Can you please respond back with which fields you would typically want by default? The list of available fields are:
GeoIP2 Enterprise Database: "city.name", "continent.name", "country.isoCode", "country.name", "location.latitude", "location.longitude", "location.timeZone", "mostSpecificSubdivision.isoCode", "mostSpecificSubdivision.name", "traits.anonymous", "traits.anonymousVpn", "traits.autonomousSystemNumber", "traits.autonomousSystemOrganization", "traits.hostingProvider", "traits.network", "traits.publicProxy", "traits.residentialProxy", "traits.torExitNode", "city.confidence", "city.geoNameId", "city.names", "continent.code", "continent.geoNameId", "continent.names", "country.confidence", "country.geoNameId", "country.inEuropeanUnion", "country.names", "leastSpecificSubdivision.confidence", "leastSpecificSubdivision.geoNameId", "leastSpecificSubdivision.isoCode", "leastSpecificSubdivision.name", "leastSpecificSubdivision.names", "location.accuracyRadius", "location.averageIncome", "location.metroCode", "location.populationDensity", "maxMind", "mostSpecificSubdivision.confidence", "mostSpecificSubdivision.geoNameId", "mostSpecificSubdivision.names", "postal.code", "postal.confidence", "registeredCountry.confidence", "registeredCountry.geoNameId", "registeredCountry.inEuropeanUnion", "registeredCountry.isoCode", "registeredCountry.name", "registeredCountry.names", "representedCountry.confidence", "representedCountry.geoNameId", "representedCountry.inEuropeanUnion", "representedCountry.isoCode", "representedCountry.name", "representedCountry.names", "representedCountry.type", "subdivisions.confidence", "subdivisions.geoNameId", "subdivisions.isoCode", "subdivisions.name", "subdivisions.names", "traits.anonymousProxy", "traits.anycast", "traits.connectionType", "traits.domain", "traits.ipAddress", "traits.isp", "traits.legitimateProxy", "traits.mobileCountryCode", "traits.mobileNetworkCode", "traits.organization", "traits.satelliteProvider", "traits.staticIpScore", "traits.userCount", "traits.userType"
cc @joegallo
The GeoIP processor support database_file for an alternative database from maxmind. It would be nice to be able to use the ISP database from https://www.maxmind.com/en/geoip2-isp-database.

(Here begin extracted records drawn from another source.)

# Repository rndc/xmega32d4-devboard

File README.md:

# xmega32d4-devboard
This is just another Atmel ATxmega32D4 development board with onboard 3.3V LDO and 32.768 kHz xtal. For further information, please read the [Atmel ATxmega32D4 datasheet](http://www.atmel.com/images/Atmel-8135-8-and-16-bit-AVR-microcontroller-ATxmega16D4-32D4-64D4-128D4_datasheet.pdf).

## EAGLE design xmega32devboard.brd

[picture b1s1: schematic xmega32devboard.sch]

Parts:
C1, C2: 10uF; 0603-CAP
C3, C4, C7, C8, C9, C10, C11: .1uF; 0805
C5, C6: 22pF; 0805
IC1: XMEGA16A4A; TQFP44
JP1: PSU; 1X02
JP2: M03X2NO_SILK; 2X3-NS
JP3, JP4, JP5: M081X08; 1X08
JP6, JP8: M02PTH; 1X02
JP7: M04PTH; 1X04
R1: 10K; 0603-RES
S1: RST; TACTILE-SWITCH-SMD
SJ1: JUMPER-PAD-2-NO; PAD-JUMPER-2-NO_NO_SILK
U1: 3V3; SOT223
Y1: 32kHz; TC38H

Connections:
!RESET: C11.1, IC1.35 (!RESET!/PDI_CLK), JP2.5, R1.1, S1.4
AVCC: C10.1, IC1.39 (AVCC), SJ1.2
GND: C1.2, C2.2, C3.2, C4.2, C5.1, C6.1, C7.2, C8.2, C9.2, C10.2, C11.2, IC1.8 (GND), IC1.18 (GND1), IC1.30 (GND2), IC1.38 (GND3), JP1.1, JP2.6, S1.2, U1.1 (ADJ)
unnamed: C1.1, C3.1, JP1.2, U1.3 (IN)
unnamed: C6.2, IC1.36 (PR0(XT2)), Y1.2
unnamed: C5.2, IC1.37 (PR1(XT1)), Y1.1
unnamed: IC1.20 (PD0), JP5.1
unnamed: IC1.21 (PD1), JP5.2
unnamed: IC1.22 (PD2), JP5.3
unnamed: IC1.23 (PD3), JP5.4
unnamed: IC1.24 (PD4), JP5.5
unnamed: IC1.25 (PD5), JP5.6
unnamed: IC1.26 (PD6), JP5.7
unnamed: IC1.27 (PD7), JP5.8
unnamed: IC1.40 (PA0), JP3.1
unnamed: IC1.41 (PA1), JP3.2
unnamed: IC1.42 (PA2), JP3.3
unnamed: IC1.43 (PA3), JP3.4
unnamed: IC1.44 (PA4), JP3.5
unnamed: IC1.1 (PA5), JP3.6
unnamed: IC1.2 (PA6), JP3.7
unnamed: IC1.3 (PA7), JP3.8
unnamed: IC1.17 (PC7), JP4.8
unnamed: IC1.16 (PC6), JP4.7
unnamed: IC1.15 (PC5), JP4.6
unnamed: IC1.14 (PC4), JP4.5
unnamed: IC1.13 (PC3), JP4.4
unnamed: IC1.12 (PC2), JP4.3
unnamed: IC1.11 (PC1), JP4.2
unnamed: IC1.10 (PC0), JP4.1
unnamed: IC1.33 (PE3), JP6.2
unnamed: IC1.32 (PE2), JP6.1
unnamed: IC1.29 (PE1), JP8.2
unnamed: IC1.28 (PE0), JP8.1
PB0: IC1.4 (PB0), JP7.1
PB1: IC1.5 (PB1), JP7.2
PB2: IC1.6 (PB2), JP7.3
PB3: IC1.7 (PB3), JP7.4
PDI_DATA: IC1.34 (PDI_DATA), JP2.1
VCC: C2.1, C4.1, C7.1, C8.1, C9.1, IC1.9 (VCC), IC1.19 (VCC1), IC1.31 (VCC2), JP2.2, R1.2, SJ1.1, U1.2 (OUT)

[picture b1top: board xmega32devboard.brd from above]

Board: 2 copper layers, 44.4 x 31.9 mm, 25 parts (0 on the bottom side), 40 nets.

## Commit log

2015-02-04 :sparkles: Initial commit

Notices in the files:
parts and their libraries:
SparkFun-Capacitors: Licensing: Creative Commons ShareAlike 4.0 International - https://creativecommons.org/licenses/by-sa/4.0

I prepared a bundle per https://www.elastic.co/guide/en/cloud/current/ec-custom-bundles.html#ec-prepare-custom-bundles. Used a sample from https://github.com/maxmind/MaxMind-DB/blob/main/test-data/GeoIP2-ISP-Test.mmdb. JSON representation of the file for reference is at https://github.com/maxmind/MaxMind-DB/blob/main/source-data/GeoIP2-ISP-Test.json
When I tried to use this database_file the error was:
The section of code that shows this limitation is here: https://github.com/elastic/elasticsearch/blob/425ed4cbc1f3f2bd2ca82091bc357f263687b149/modules/ingest-geoip/src/main/java/org/elasticsearch/ingest/geoip/GeoIpProcessor.java
I hope it is as easy as implementing
retrieveISPGeoData
and then whitelisting the ISP database filename.Thanks!